__TASK TO CARRY OUT__.
From the line below that contains "CSTAB1, CSTAB2, CSTAB3, CSTAB4: 560p;" to the line that contains "CONV_ITOV.7, MIXER.16, RMODE.1", repeat every line exactly, both ends included, and nothing else.

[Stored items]
*** Block opens ***
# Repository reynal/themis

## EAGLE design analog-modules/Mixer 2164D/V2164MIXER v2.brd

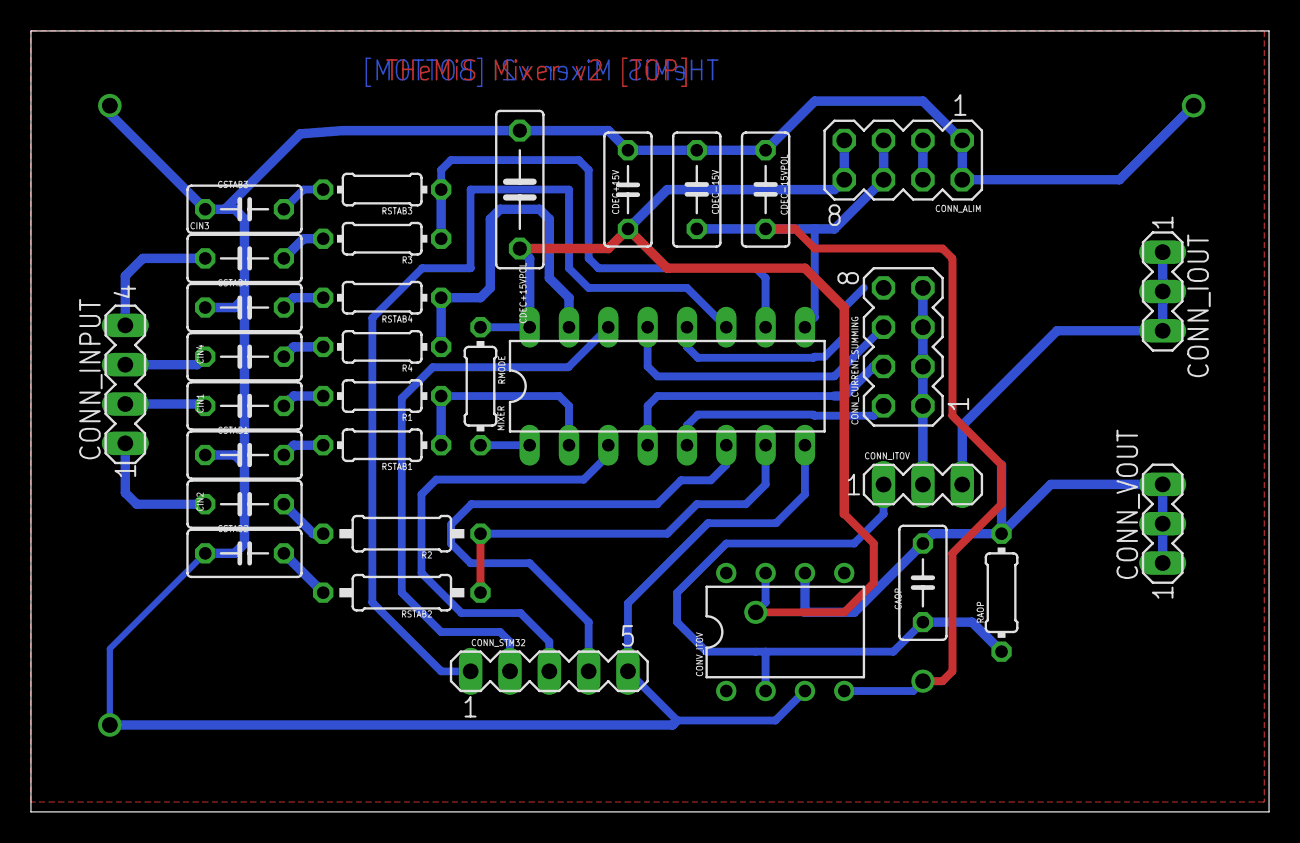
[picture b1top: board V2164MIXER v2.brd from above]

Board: 2 copper layers, 80.0 x 50.4 mm, 32 parts (0 on the bottom side), 32 nets.

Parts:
CAOP: 1p; C050-030X075
CDEC+15V: 100n; C050-030X075
CDEC+15VPOL: 100n; C075-032X103
CDEC-15V, CDEC-15VPOL: 100n; C050-030X075
CIN1, CIN2, CIN3, CIN4: 470n; C050-030X075
CONN_ALIM: MA04-2
CONN_CURRENT_SUMMING: MA04-2
CONN_INPUT: MA04-1
CONN_IOUT: MA03-1
CONN_ITOV: MA03-1
CONN_STM32: MA05-1
CONN_VOUT: MA03-1
CONV_ITOV: NE5534AN; DIL08
CSTAB1, CSTAB2, CSTAB3, CSTAB4: 560p; C050-030X075
MIXER: SSM2164_MULTI; DIL16
R1, R3, R4: 27k; 0204/7
R2: 27k; 0207/10
RAOP: 33K; 0204/7
RMODE: 8.2k; 0204/7
RSTAB1, RSTAB3, RSTAB4: 470; 0204/7
RSTAB2: 470; 0207/10

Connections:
2164_IN1: MIXER.2, R1.1, RSTAB1.1
2164_IN2: MIXER.7, R2.1, RSTAB2.1
2164_IN3: MIXER.10, R3.1, RSTAB3.1
2164_IN4: MIXER.15, R4.1, RSTAB4.1
2164_MODE: MIXER.1, RMODE.2
2164_OUT1: CONN_CURRENT_SUMMING.4, MIXER.4
2164_OUT2: CONN_CURRENT_SUMMING.2, MIXER.5
2164_OUT4: CONN_CURRENT_SUMMING.6, MIXER.13
+5V: CONN_ALIM.3, CONN_ALIM.4
+15V: CDEC+15V.2, CDEC+15VPOL.2, CONN_ALIM.7, CONN_ALIM.8, CONV_ITOV.7, MIXER.16, RMODE.1
-15V: CDEC-15V.1, CDEC-15VPOL.1, CONN_ALIM.5, CONN_ALIM.6, CONV_ITOV.4, MIXER.9
AGND: CDEC+15V.1, CDEC+15VPOL.1, CDEC-15V.2, CDEC-15VPOL.2, CONN_ALIM.1, CONN_ALIM.2, CONN_STM32.5, CONV_ITOV.3, CSTAB1.1, CSTAB2.1, CSTAB3.1, CSTAB4.1, MIXER.8
CURRENT_OUT: CONN_IOUT.1, CONN_IOUT.2, CONN_IOUT.3, CONN_ITOV.3
GAIN1: CONN_STM32.3, MIXER.3
GAIN2: CONN_STM32.4, MIXER.6
GAIN3: CONN_STM32.1, MIXER.11
GAIN4: CONN_STM32.2, MIXER.14
IN1: CIN1.1, CONN_INPUT.2
IN2: CIN2.1, CONN_INPUT.1
IN3: CIN3.1, CONN_INPUT.4
IN4: CIN4.1, CONN_INPUT.3
MIXER_OUT: CONN_CURRENT_SUMMING.1, CONN_CURRENT_SUMMING.3, CONN_CURRENT_SUMMING.5, CONN_CURRENT_SUMMING.7, CONN_ITOV.2
unnamed: CIN4.2, R4.2
unnamed: CSTAB4.2, RSTAB4.2
unnamed: CIN2.2, R2.2
unnamed: CAOP.1, CONN_ITOV.1, CONV_ITOV.2, RAOP.1
unnamed: CSTAB2.2, RSTAB2.2
unnamed: CSTAB1.2, RSTAB1.2
unnamed: CIN1.2, R1.2
unnamed: CSTAB3.2, RSTAB3.2
unnamed: CIN3.2, R3.2
VOLTAGE_OUT: CAOP.2, CONN_VOUT.1, CONN_VOUT.2, CONN_VOUT.3, CONV_ITOV.6, RAOP.2

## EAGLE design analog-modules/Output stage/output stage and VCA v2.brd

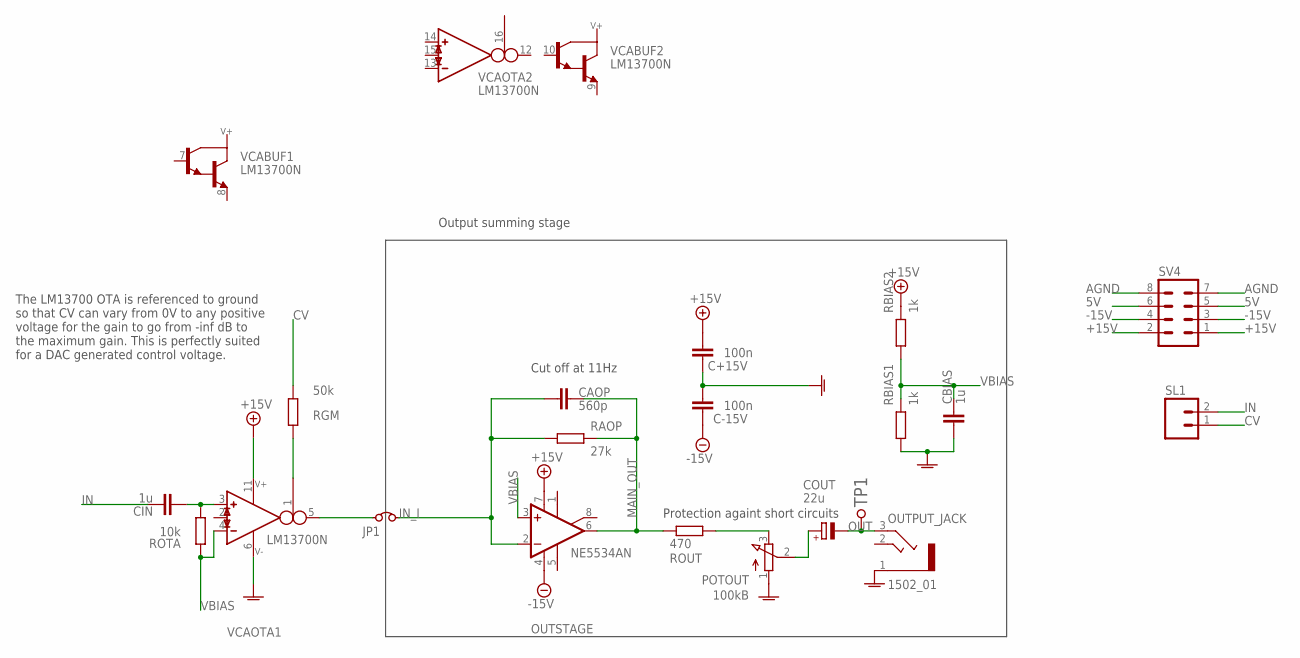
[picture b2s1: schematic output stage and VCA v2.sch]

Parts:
C+15V: 100n; C050-030X075
C-15V: 100n; C050-030X075
CAOP: 560p; C050-030X075
CBIAS: 1u; C050-030X075
CIN: 1u; C050-030X075
COUT: 22u; B45181B
JP1: JUMPER; HDR2X1
OUTPUT_JACK: 1502_01
OUTSTAGE: NE5534AN; DIL08
POTOUT: 100kB; 3RP/1610N
RAOP: 27k; 0204/7
RBIAS1, RBIAS2: 1k; 0204/7
RGM: 50k; 0204/7
ROTA: 10k; 0204/7
ROUT: 470; 0204/7
SL1: MA02; 02PA
SV4: MA04-2
TP1: TESTPOINT; TESTPOINT_63
VCA: LM13700N; DIL16

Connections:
5V: SV4.5, SV4.6
+15V: C+15V.2, OUTSTAGE.7 (V+), RBIAS2.1, SV4.1, SV4.2, VCA.11 (V+)
-15V: C-15V.1, OUTSTAGE.4 (V-), SV4.3, SV4.4
AGND: C+15V.1, C-15V.2, CBIAS.2, OUTPUT_JACK.1, POTOUT.1 (A), RBIAS1.2, SV4.7, SV4.8, VCA.6 (V-)
CV: RGM.1, SL1.1
IN: CIN.1, SL1.2
IN_I: CAOP.2, JP1.2, OUTSTAGE.2 (-IN), RAOP.2
MAIN_OUT: CAOP.1, OUTSTAGE.6 (OUT), RAOP.1, ROUT.2
unnamed: JP1.1, VCA.5 (OUT)
unnamed: RGM.2, VCA.1 (I_BIAS)
unnamed: CIN.2, ROTA.1, VCA.3 (IN_P)
unnamed: COUT.+, POTOUT.2 (S)
unnamed: POTOUT.3 (E), ROUT.1
OUT: COUT.-, OUTPUT_JACK.3 (2), TP1.P$1
VBIAS: CBIAS.1, OUTSTAGE.3 (+IN), RBIAS1.1, RBIAS2.2, ROTA.2, VCA.4 (IN_N)

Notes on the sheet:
Output summing stage
Cut off at 11Hz
Protection againt short circuits
The LM13700 OTA is referenced to ground so that CV can vary from 0V to any positive voltage for the gain to go from -inf dB to the maximum gain. This is perfectly suited for a DAC generated control voltage.

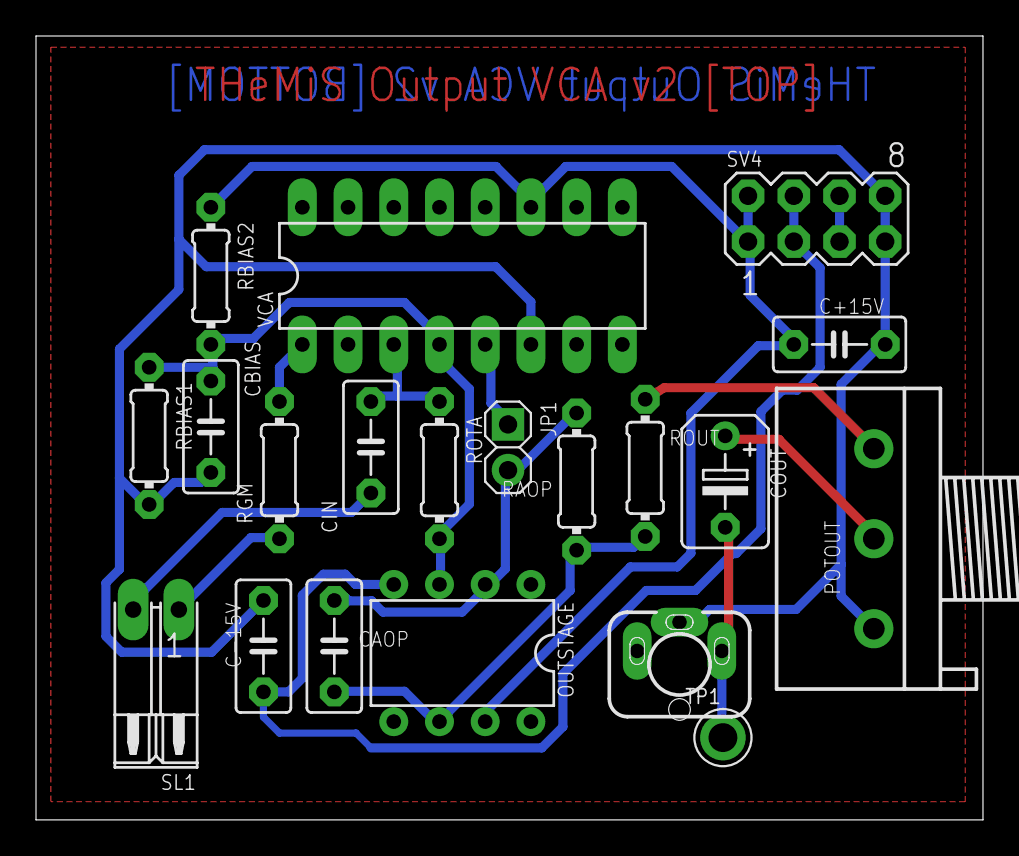
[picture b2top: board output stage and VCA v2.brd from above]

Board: 2 copper layers, 52.6 x 43.5 mm, 20 parts (0 on the bottom side), 15 nets.

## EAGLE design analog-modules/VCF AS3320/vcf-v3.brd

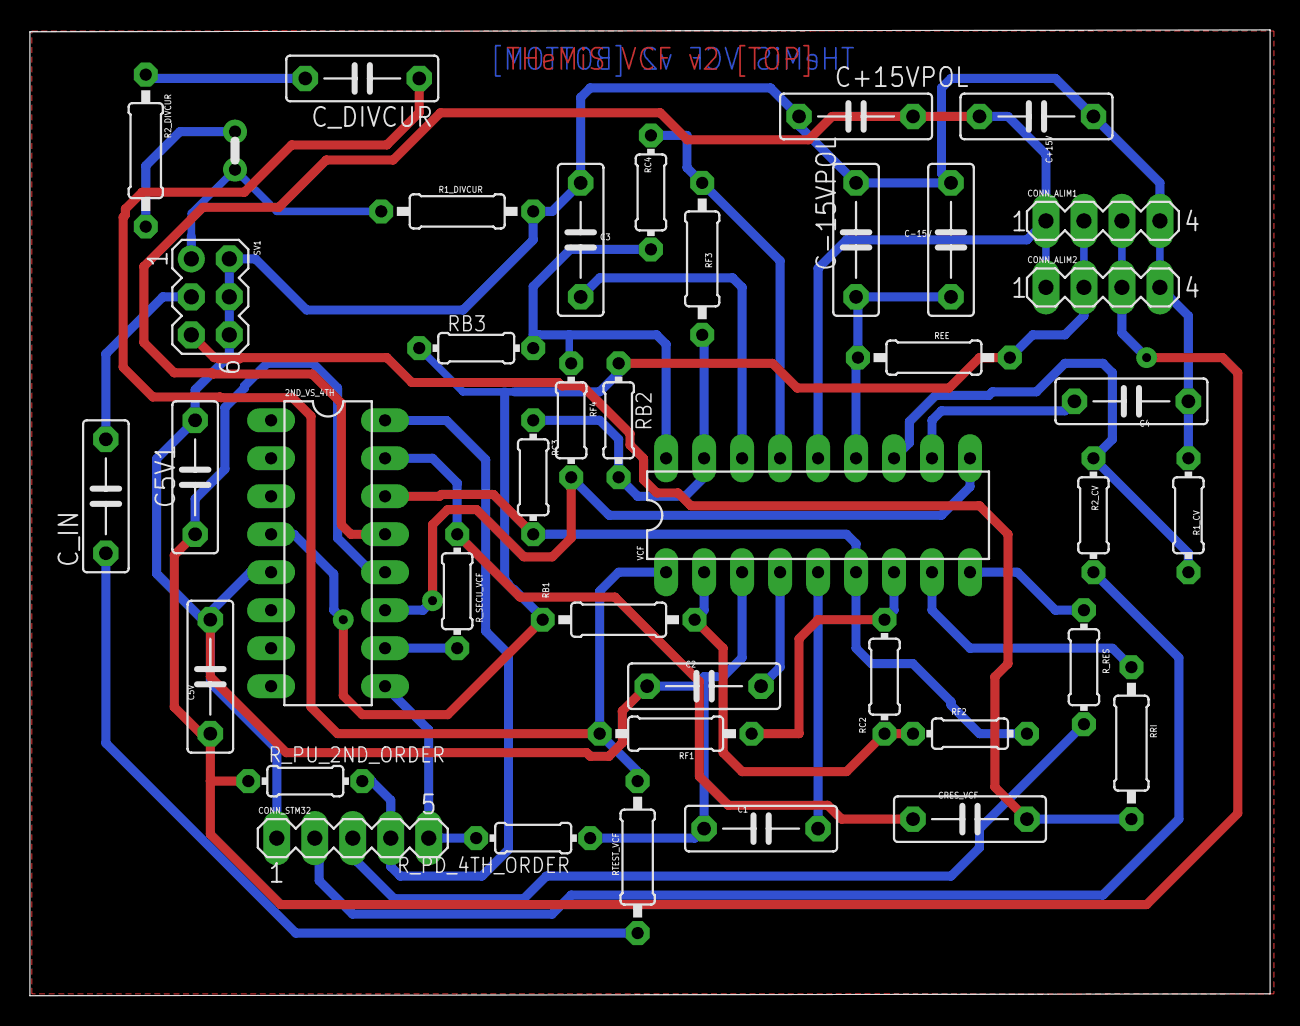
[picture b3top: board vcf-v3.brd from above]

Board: 2 copper layers, 82.9 x 64.6 mm, 41 parts (0 on the bottom side), 32 nets.

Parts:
2ND_VS_4TH: ADG411N; DIL16
C1, C2, C3, C4: 300p; C075-032X103
C5V, C5V1: 100n; C075-032X103
C+15V: 100n; C075-032X103
C+15VPOL: 1u; C075-032X103
C-15V: 100n; C075-032X103
C-15VPOL: 1u; C075-032X103
CONN_ALIM1, CONN_ALIM2: MA04-1
CONN_STM32: MA05-1
CRES_VCF: 1u; C075-032X103
C_DIVCUR: 1u; C075-032X103
C_IN: 470n; C075-032X103
JP_MIXER_OUT: JUMPER_WIRE; JUMPER
R1_CV: 10k; 0204/7
R1_DIVCUR, R2_DIVCUR: 470; 0207/10
R2_CV: 100k; 0204/7
RB1: 220k; 0207/10
RB2, RB3: 220k; 0204/7
RC2, RC3, RC4: 91k; 0204/7
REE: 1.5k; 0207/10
*** Block closes ***
__SOLUTION TO THE EXERCISE__.
CSTAB1, CSTAB2, CSTAB3, CSTAB4: 560p; C050-030X075
MIXER: SSM2164_MULTI; DIL16
R1, R3, R4: 27k; 0204/7
R2: 27k; 0207/10
RAOP: 33K; 0204/7
RMODE: 8.2k; 0204/7
RSTAB1, RSTAB3, RSTAB4: 470; 0204/7
RSTAB2: 470; 0207/10

Connections:
2164_IN1: MIXER.2, R1.1, RSTAB1.1
2164_IN2: MIXER.7, R2.1, RSTAB2.1
2164_IN3: MIXER.10, R3.1, RSTAB3.1
2164_IN4: MIXER.15, R4.1, RSTAB4.1
2164_MODE: MIXER.1, RMODE.2
2164_OUT1: CONN_CURRENT_SUMMING.4, MIXER.4
2164_OUT2: CONN_CURRENT_SUMMING.2, MIXER.5
2164_OUT4: CONN_CURRENT_SUMMING.6, MIXER.13
+5V: CONN_ALIM.3, CONN_ALIM.4
+15V: CDEC+15V.2, CDEC+15VPOL.2, CONN_ALIM.7, CONN_ALIM.8, CONV_ITOV.7, MIXER.16, RMODE.1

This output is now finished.